— Items from a dataset —
= = = =
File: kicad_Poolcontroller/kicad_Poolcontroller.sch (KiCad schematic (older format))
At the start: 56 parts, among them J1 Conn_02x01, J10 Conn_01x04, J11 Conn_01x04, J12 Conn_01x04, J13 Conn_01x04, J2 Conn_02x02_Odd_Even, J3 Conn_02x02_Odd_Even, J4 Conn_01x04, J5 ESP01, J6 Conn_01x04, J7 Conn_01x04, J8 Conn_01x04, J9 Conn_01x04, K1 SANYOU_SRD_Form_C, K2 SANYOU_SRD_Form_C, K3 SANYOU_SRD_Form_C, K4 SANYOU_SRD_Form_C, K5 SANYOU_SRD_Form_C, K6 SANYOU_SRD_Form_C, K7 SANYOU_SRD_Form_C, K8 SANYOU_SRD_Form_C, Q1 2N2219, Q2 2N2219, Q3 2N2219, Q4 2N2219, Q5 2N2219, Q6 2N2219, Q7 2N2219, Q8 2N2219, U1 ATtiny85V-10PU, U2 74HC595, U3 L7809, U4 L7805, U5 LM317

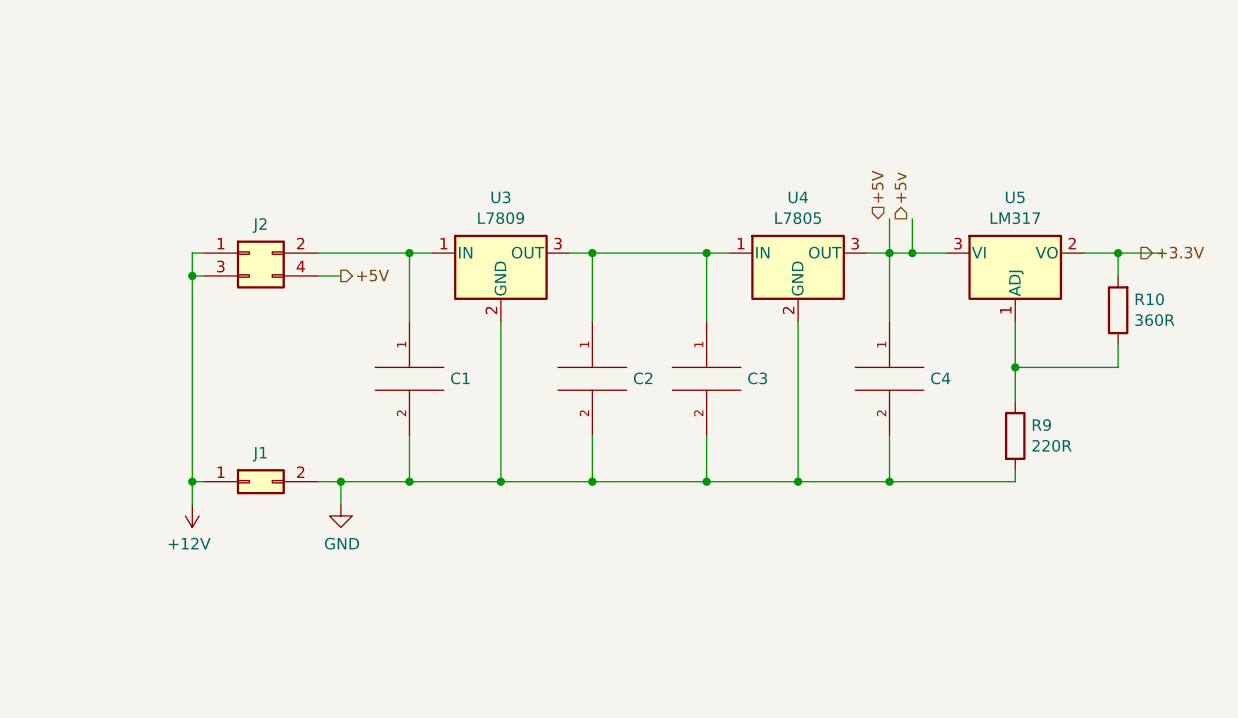
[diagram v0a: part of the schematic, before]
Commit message: 1.01
retirada da possibilidade de alimentar a placa inteira com 12V
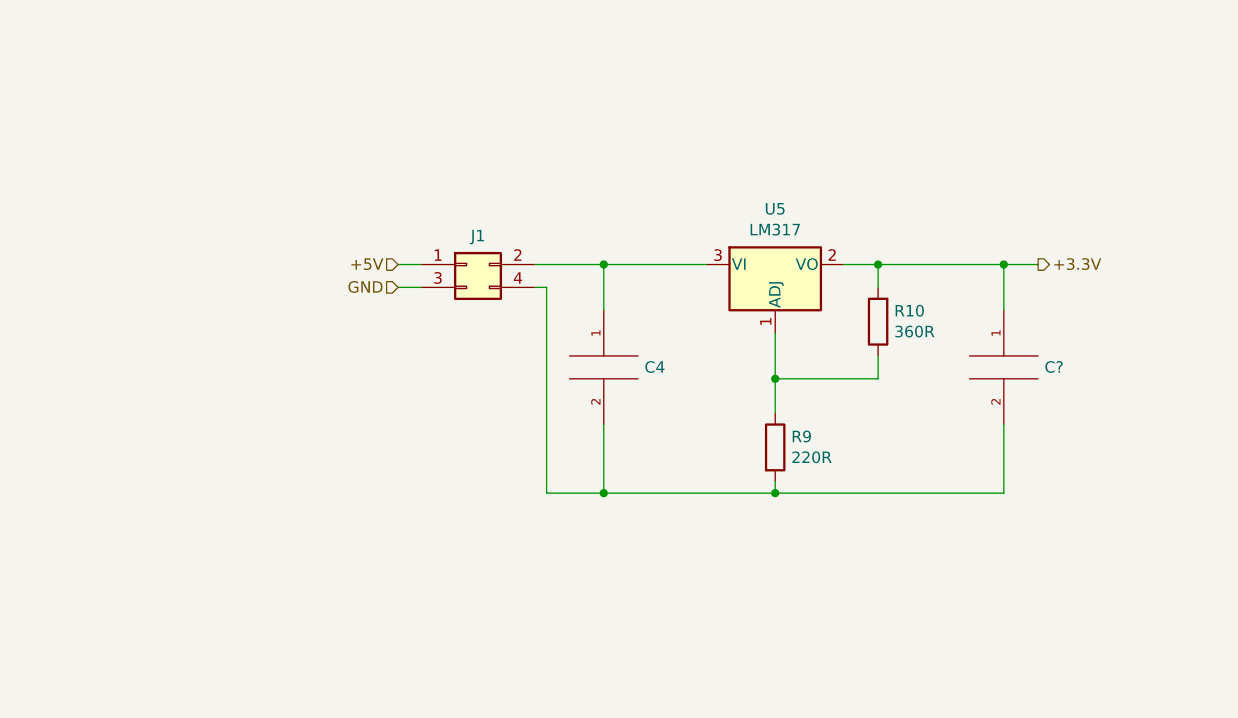
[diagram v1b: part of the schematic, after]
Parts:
- removed C1, C3: 220u, Capacitor_THT:CP_Radial_D5.0mm_P2.50mm, symbol pspice:C
- removed C2: 47u, Capacitor_THT:CP_Radial_D5.0mm_P2.50mm, symbol pspice:C
- removed J1: Conn_02x01, Connector_PinHeader_2.54mm:PinHeader_2x01_P2.54mm_Vertical, symbol Connector_Generic:Conn_02x01
- removed J2: Conn_02x02_Odd_Even, Connector_PinHeader_2.54mm:PinHeader_2x02_P2.54mm_Vertical, symbol Connector_Generic:Conn_02x02_Odd_Even
- removed U3: L7809, Package_TO_SOT_THT:TO-220-3_Vertical, symbol Regulator_Linear:L7809
- removed U4: L7805, Package_TO_SOT_THT:TO-220-3_Vertical, symbol Regulator_Linear:L7805
- added C?: 10u, Capacitor_THT:CP_Radial_D5.0mm_P2.50mm, symbol pspice:C
- added J1: Conn_02x02_Odd_Even, symbol Connector_Generic:Conn_02x02_Odd_Even
- C4: value 47u -> 0.1u
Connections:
- net +3.3V: now also C?.1
- net +5V: now also J1.1 (Pin_1)
- net GND: now also J1.3 (Pin_3); no longer C4.2, R9.2
- net at C4.1, U5.3 (VI): now also J1.2 (Pin_2)
- new net: C4.2, C?.2, J1.4 (Pin_4), R9.2
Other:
- moved on the sheet: C4, R10, R9, U5

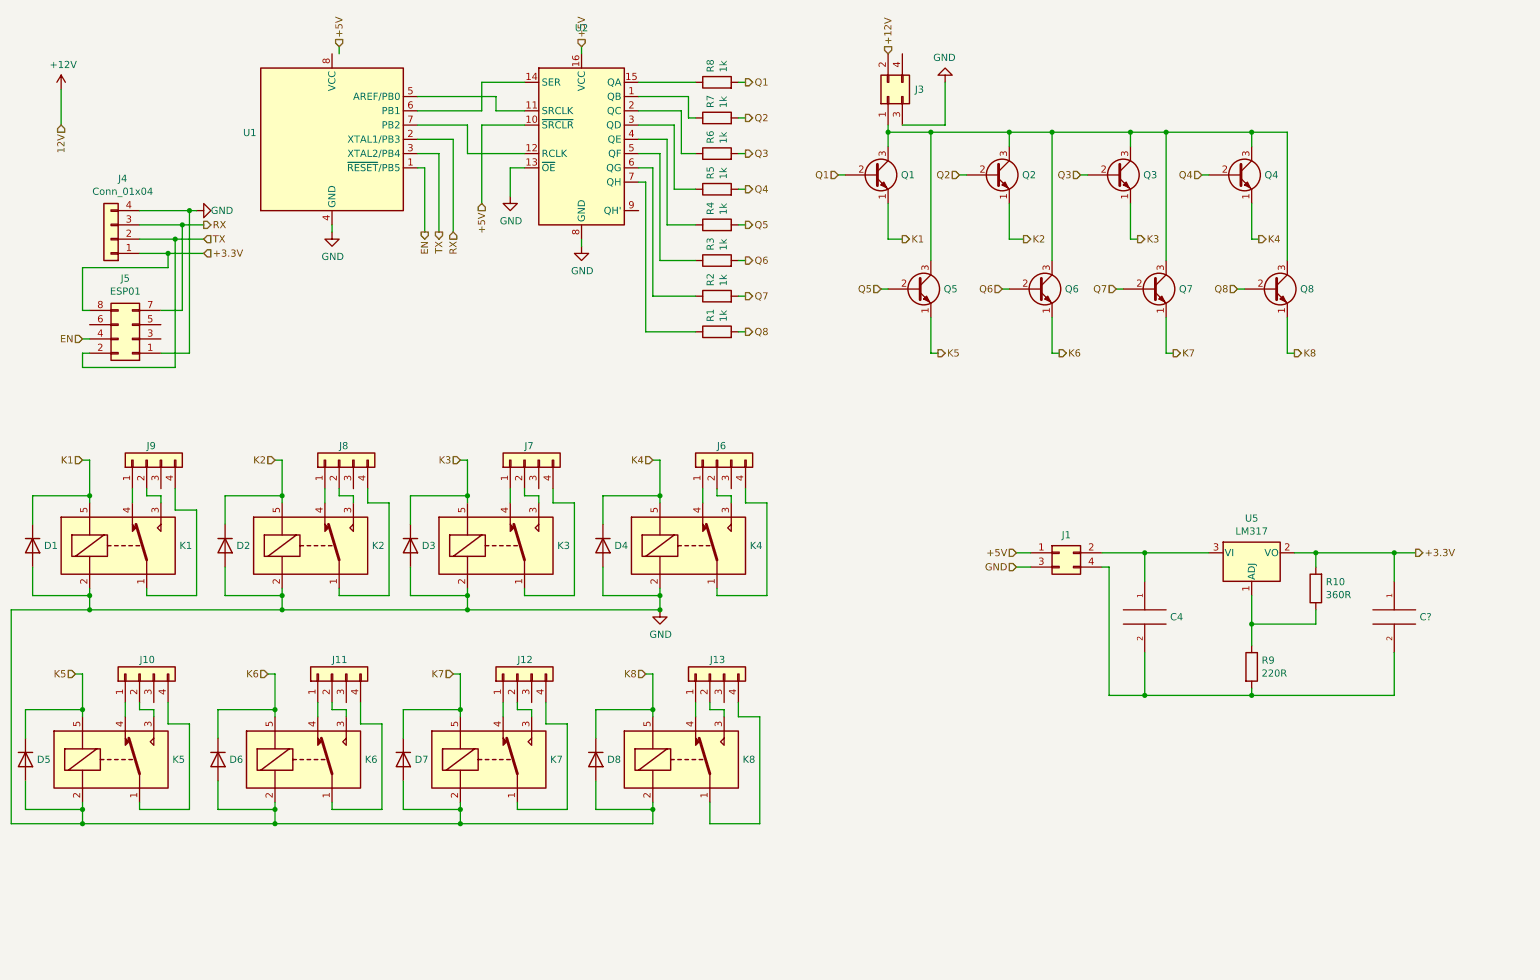
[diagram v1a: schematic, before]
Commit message: 1.0.2
adicionado o divisor de tensão para o TX dos módulos de comunicação
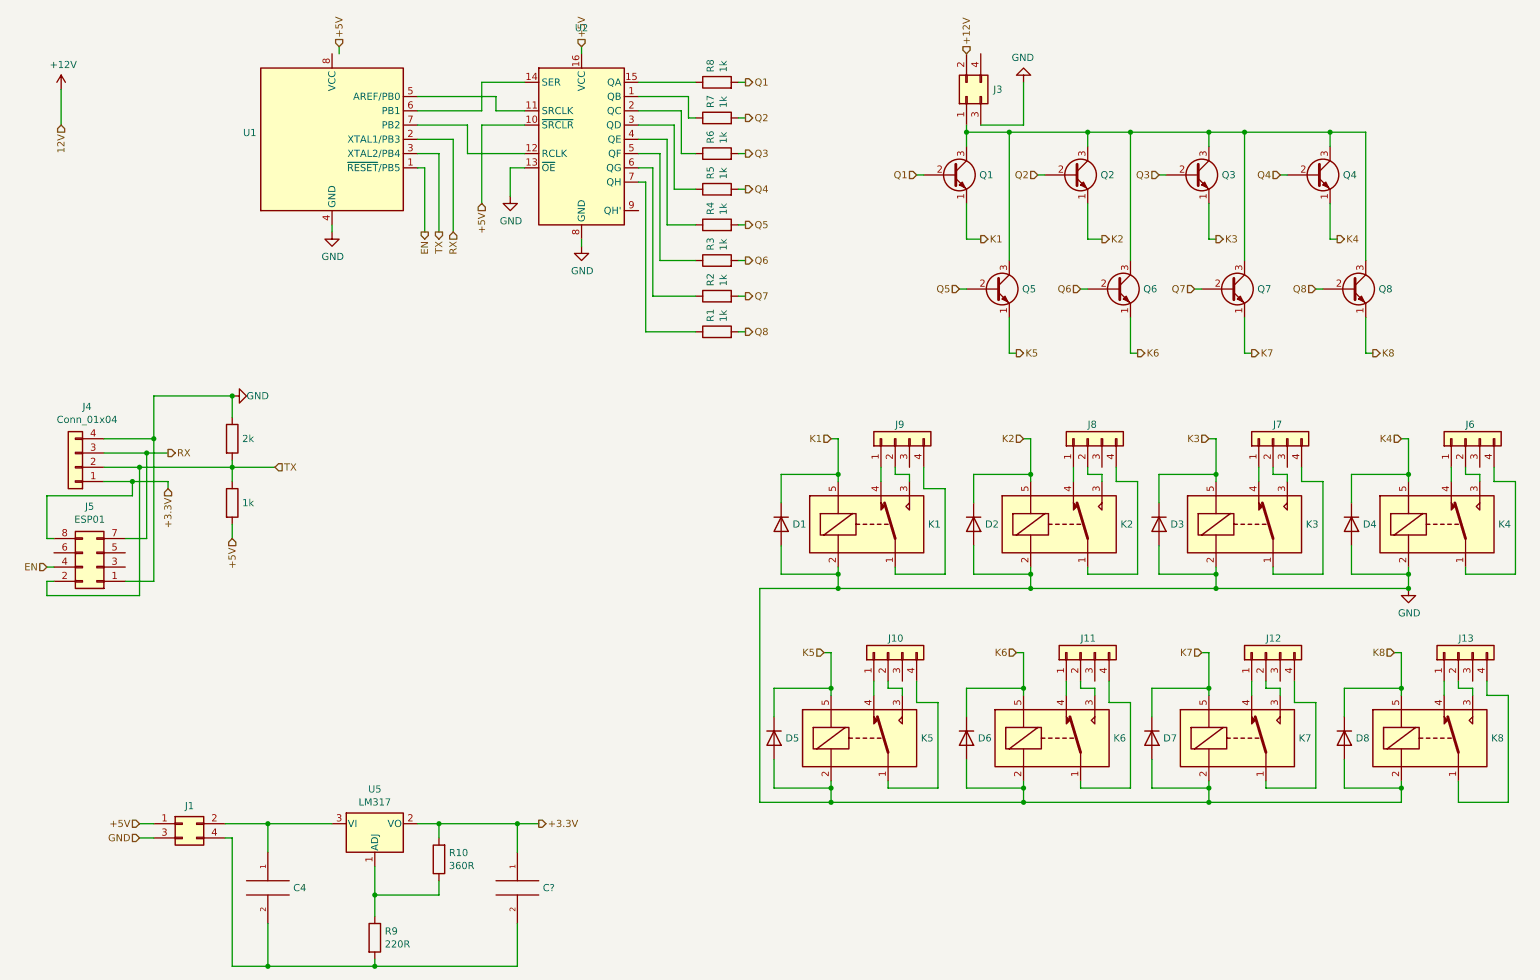
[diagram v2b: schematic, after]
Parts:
- added R?: 2k, symbol Device:R
- added R?: 1k, symbol Device:R
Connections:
- net +5V: now also R?.2
- net GND: now also R?.1
- net TX: now also R?.1, R?.2
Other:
- moved on the sheet: C4, C?, D1, D2, D3, D4, D5, D6, D7, D8, J1, J10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

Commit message: att
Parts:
- removed J3: Conn_02x02_Odd_Even, Connector_PinHeader_2.54mm:PinHeader_2x02_P2.54mm_Vertical, symbol Connector_Generic:Conn_02x02_Odd_Even
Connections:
- net +5V: now also Q1.3 (C), Q2.3 (C), Q3.3 (C), Q4.3 (C), Q5.3 (C), Q6.3 (C), Q7.3 (C), Q8.3 (C)
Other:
- moved on the sheet: C4, C?, D1, D2, D3, D4, D5, D6, D7, D8, J1, J10
= = = =
— TASK —
Transcribe only this stretch of the data: the line with "[diagram v0a: part of the schematic, before]", the line with "[diagram v2b: schematic, after]", and every line in between. Leave out the pictures.

— SOLUTION TO THE PROBLEM —
[diagram v0a: part of the schematic, before]
Commit message: 1.01
retirada da possibilidade de alimentar a placa inteira com 12V
[diagram v1b: part of the schematic, after]
Parts:
- removed C1, C3: 220u, Capacitor_THT:CP_Radial_D5.0mm_P2.50mm, symbol pspice:C
- removed C2: 47u, Capacitor_THT:CP_Radial_D5.0mm_P2.50mm, symbol pspice:C
- removed J1: Conn_02x01, Connector_PinHeader_2.54mm:PinHeader_2x01_P2.54mm_Vertical, symbol Connector_Generic:Conn_02x01
- removed J2: Conn_02x02_Odd_Even, Connector_PinHeader_2.54mm:PinHeader_2x02_P2.54mm_Vertical, symbol Connector_Generic:Conn_02x02_Odd_Even
- removed U3: L7809, Package_TO_SOT_THT:TO-220-3_Vertical, symbol Regulator_Linear:L7809
- removed U4: L7805, Package_TO_SOT_THT:TO-220-3_Vertical, symbol Regulator_Linear:L7805
- added C?: 10u, Capacitor_THT:CP_Radial_D5.0mm_P2.50mm, symbol pspice:C
- added J1: Conn_02x02_Odd_Even, symbol Connector_Generic:Conn_02x02_Odd_Even
- C4: value 47u -> 0.1u
Connections:
- net +3.3V: now also C?.1
- net +5V: now also J1.1 (Pin_1)
- net GND: now also J1.3 (Pin_3); no longer C4.2, R9.2
- net at C4.1, U5.3 (VI): now also J1.2 (Pin_2)
- new net: C4.2, C?.2, J1.4 (Pin_4), R9.2
Other:
- moved on the sheet: C4, R10, R9, U5

[diagram v1a: schematic, before]
Commit message: 1.0.2
adicionado o divisor de tensão para o TX dos módulos de comunicação
[diagram v2b: schematic, after]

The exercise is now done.